Work to complete:
Exact reproduction required: the lines below from the line with "for name, color, linetype, lineweight" to the line with "blk = doc.blocks.new('$0$ADSK_МедьПайка_Отвод-гнутая", both ends included, and no others.

(Stored data)
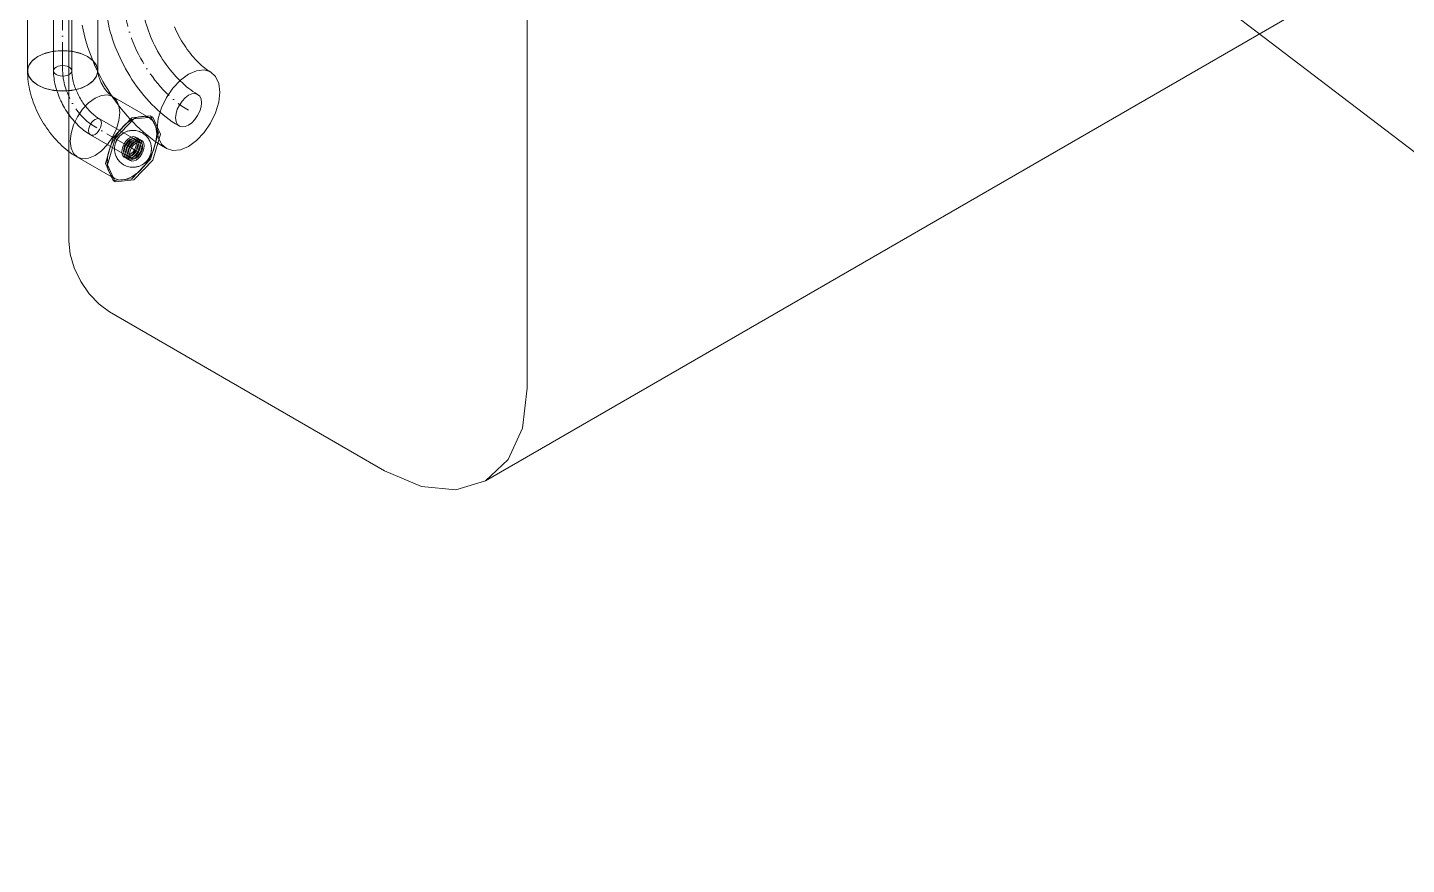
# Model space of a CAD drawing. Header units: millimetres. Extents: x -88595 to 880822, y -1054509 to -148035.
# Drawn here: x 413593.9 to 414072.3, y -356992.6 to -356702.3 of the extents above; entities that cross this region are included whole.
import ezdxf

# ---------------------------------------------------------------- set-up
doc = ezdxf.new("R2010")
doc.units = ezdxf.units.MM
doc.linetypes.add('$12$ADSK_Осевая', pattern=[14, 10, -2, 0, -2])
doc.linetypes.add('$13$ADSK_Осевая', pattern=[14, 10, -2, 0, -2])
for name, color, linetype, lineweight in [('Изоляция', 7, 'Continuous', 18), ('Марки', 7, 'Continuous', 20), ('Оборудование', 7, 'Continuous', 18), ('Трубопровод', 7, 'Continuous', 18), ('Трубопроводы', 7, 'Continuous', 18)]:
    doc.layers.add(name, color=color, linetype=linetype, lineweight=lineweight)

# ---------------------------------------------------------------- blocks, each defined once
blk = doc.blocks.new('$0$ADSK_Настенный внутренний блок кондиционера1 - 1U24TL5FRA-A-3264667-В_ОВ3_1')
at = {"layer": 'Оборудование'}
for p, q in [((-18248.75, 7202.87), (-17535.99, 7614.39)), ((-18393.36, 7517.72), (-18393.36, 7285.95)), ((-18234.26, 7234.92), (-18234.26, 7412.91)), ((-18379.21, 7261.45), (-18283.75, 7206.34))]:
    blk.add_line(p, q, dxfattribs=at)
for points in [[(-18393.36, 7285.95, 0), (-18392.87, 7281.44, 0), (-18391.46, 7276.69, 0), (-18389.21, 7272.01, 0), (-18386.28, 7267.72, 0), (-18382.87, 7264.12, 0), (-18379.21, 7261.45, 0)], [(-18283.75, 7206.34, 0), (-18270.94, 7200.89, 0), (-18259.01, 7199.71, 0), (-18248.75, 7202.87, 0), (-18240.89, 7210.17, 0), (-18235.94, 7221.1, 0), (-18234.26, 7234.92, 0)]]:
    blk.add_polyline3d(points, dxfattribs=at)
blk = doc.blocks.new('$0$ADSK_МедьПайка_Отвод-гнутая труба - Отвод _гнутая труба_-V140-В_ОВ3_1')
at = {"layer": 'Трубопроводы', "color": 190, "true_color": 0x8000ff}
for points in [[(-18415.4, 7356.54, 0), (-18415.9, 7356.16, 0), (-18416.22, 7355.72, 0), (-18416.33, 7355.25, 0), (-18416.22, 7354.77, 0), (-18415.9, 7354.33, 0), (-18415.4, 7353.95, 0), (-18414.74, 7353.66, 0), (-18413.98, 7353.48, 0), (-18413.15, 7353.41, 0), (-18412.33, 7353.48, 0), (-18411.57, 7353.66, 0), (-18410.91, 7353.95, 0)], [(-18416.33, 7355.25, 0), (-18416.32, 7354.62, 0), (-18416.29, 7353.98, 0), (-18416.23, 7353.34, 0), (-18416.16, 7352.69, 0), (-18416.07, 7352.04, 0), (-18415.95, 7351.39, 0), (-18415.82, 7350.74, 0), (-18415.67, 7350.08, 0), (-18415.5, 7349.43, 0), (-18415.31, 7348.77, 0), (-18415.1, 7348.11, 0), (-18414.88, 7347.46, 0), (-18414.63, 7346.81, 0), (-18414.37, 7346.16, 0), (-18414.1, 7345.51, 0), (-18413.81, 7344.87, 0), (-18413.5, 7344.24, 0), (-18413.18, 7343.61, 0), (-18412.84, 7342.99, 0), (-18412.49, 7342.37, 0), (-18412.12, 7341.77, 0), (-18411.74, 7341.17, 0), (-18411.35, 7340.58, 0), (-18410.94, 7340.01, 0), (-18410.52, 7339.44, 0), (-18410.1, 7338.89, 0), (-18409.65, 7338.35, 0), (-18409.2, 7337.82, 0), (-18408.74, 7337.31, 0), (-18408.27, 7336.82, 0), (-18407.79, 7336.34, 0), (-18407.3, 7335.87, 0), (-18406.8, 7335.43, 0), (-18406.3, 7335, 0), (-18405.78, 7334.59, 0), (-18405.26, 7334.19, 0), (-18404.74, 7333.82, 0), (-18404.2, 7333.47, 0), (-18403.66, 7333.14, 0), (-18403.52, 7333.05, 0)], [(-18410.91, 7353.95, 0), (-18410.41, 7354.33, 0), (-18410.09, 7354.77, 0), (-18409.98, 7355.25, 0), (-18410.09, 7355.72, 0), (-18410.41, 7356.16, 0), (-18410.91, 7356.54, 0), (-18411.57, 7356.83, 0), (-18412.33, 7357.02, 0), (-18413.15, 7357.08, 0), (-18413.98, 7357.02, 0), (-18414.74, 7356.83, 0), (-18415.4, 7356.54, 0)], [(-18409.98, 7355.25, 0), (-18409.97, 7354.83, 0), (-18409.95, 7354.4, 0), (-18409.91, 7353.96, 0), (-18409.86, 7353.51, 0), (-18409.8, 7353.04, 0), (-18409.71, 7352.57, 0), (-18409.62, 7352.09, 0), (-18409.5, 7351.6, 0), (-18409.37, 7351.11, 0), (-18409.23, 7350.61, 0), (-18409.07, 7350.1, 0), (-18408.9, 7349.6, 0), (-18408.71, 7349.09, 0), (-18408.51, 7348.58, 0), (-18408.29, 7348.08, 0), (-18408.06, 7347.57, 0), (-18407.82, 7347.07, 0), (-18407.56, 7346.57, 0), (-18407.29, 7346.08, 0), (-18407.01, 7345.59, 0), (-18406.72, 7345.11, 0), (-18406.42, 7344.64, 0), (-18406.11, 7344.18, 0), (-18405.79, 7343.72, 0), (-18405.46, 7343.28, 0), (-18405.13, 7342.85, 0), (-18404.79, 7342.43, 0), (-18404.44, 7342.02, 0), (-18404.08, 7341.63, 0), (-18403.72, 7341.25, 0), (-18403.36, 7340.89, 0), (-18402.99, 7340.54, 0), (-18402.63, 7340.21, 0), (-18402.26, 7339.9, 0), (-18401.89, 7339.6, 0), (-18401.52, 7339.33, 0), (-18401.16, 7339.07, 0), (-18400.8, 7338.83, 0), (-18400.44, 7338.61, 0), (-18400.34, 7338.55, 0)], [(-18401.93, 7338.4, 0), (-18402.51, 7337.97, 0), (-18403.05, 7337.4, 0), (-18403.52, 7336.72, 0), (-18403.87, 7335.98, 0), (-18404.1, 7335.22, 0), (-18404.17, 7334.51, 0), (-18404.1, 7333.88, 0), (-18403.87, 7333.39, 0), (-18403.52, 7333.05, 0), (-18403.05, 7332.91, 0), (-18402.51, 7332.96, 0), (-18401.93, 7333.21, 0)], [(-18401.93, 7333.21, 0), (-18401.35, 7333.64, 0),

Response:
for name, color, linetype, lineweight in [('Изоляция', 7, 'Continuous', 18), ('Марки', 7, 'Continuous', 20), ('Оборудование', 7, 'Continuous', 18), ('Трубопровод', 7, 'Continuous', 18), ('Трубопроводы', 7, 'Continuous', 18)]:
    doc.layers.add(name, color=color, linetype=linetype, lineweight=lineweight)

# ---------------------------------------------------------------- blocks, each defined once
blk = doc.blocks.new('$0$ADSK_Настенный внутренний блок кондиционера1 - 1U24TL5FRA-A-3264667-В_ОВ3_1')
at = {"layer": 'Оборудование'}
for p, q in [((-18248.75, 7202.87), (-17535.99, 7614.39)), ((-18393.36, 7517.72), (-18393.36, 7285.95)), ((-18234.26, 7234.92), (-18234.26, 7412.91)), ((-18379.21, 7261.45), (-18283.75, 7206.34))]:
    blk.add_line(p, q, dxfattribs=at)
for points in [[(-18393.36, 7285.95, 0), (-18392.87, 7281.44, 0), (-18391.46, 7276.69, 0), (-18389.21, 7272.01, 0), (-18386.28, 7267.72, 0), (-18382.87, 7264.12, 0), (-18379.21, 7261.45, 0)], [(-18283.75, 7206.34, 0), (-18270.94, 7200.89, 0), (-18259.01, 7199.71, 0), (-18248.75, 7202.87, 0), (-18240.89, 7210.17, 0), (-18235.94, 7221.1, 0), (-18234.26, 7234.92, 0)]]:
    blk.add_polyline3d(points, dxfattribs=at)
blk = doc.blocks.new('$0$ADSK_МедьПайка_Отвод-гнутая труба - Отвод _гнутая труба_-V140-В_ОВ3_1')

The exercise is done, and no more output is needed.